*** Opening The data ***

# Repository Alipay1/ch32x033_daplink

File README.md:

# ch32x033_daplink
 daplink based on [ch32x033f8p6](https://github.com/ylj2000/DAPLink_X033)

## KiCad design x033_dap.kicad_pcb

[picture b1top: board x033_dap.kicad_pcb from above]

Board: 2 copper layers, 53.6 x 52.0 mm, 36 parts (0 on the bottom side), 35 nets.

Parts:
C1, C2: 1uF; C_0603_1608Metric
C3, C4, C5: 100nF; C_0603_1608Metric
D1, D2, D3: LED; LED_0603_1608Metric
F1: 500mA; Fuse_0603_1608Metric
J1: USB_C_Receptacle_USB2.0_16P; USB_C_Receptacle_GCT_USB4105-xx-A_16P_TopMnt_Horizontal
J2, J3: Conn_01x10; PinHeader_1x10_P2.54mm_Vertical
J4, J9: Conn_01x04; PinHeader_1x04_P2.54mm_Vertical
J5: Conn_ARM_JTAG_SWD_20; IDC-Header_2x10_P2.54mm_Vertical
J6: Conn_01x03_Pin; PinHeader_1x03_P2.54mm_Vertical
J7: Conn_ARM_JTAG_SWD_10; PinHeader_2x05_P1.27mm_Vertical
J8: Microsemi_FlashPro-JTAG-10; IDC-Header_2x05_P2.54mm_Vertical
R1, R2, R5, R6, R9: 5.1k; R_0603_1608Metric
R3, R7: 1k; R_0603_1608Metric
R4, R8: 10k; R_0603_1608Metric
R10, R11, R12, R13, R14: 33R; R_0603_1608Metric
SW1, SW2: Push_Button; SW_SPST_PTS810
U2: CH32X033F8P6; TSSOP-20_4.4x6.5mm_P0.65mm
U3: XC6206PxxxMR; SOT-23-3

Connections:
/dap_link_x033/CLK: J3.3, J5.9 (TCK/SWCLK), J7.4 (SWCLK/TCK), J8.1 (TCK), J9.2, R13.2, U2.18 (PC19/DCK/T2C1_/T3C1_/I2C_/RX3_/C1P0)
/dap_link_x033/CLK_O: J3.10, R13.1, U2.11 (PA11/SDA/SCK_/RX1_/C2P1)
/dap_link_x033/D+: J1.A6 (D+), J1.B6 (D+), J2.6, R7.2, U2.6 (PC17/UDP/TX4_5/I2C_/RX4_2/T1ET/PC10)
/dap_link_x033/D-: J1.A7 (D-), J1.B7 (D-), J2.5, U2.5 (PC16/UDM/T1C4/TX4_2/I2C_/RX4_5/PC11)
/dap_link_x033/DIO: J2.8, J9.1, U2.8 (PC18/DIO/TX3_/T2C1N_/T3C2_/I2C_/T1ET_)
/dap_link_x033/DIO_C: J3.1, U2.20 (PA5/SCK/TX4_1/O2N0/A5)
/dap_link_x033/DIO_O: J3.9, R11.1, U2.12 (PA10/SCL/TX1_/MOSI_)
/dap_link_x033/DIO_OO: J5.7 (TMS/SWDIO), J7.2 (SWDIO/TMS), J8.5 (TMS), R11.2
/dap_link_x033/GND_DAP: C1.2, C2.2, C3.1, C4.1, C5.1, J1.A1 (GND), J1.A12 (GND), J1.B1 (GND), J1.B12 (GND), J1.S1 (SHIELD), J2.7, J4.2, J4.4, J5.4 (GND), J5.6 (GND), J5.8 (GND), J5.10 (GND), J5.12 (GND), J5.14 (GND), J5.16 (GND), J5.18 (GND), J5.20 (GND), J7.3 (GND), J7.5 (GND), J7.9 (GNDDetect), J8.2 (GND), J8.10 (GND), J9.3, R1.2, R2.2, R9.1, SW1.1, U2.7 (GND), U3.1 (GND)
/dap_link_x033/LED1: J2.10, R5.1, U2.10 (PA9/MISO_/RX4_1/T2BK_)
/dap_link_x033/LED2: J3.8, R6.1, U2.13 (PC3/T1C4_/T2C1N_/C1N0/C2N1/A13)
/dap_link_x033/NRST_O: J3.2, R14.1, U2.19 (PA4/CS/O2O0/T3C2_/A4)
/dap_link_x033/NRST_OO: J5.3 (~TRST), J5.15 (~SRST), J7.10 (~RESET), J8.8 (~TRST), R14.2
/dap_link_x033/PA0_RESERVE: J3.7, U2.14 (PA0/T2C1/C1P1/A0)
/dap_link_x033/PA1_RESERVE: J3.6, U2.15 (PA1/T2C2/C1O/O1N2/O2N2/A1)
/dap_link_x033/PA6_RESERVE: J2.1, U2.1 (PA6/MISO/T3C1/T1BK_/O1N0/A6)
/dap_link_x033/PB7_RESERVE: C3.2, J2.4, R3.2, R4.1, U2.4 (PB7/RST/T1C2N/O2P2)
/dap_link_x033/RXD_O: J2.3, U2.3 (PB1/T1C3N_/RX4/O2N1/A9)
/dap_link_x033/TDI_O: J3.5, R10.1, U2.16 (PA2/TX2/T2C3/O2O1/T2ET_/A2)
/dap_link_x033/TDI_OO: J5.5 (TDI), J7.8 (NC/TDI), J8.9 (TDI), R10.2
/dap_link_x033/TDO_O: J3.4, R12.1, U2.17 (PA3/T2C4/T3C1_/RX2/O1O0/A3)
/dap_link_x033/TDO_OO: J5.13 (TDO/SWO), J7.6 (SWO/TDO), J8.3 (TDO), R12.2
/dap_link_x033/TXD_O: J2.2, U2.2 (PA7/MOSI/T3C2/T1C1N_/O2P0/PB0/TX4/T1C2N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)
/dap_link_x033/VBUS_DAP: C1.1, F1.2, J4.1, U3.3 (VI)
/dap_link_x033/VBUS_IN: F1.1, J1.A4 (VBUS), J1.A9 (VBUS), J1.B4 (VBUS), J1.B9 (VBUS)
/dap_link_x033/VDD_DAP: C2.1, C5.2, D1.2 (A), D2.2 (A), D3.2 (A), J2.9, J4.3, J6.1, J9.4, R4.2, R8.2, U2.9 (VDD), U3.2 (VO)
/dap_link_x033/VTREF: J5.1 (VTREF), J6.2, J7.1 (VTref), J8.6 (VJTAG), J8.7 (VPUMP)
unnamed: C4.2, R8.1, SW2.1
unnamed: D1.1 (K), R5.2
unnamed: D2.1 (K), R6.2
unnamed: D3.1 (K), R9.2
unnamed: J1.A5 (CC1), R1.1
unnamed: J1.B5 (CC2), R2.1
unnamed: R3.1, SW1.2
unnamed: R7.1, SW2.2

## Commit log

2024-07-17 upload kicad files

*** Closing The data ***

What you need to do
Retype every line up to and including the one that contains "J5: Conn_ARM_JTAG_SWD_20; IDC-Header_2x10_P2.54mm_Vertical", beginning at the first line of the records, with no edits.

Reply
# Repository Alipay1/ch32x033_daplink

File README.md:

# ch32x033_daplink
 daplink based on [ch32x033f8p6](https://github.com/ylj2000/DAPLink_X033)

## KiCad design x033_dap.kicad_pcb

[picture b1top: board x033_dap.kicad_pcb from above]

Board: 2 copper layers, 53.6 x 52.0 mm, 36 parts (0 on the bottom side), 35 nets.

Parts:
C1, C2: 1uF; C_0603_1608Metric
C3, C4, C5: 100nF; C_0603_1608Metric
D1, D2, D3: LED; LED_0603_1608Metric
F1: 500mA; Fuse_0603_1608Metric
J1: USB_C_Receptacle_USB2.0_16P; USB_C_Receptacle_GCT_USB4105-xx-A_16P_TopMnt_Horizontal
J2, J3: Conn_01x10; PinHeader_1x10_P2.54mm_Vertical
J4, J9: Conn_01x04; PinHeader_1x04_P2.54mm_Vertical
J5: Conn_ARM_JTAG_SWD_20; IDC-Header_2x10_P2.54mm_Vertical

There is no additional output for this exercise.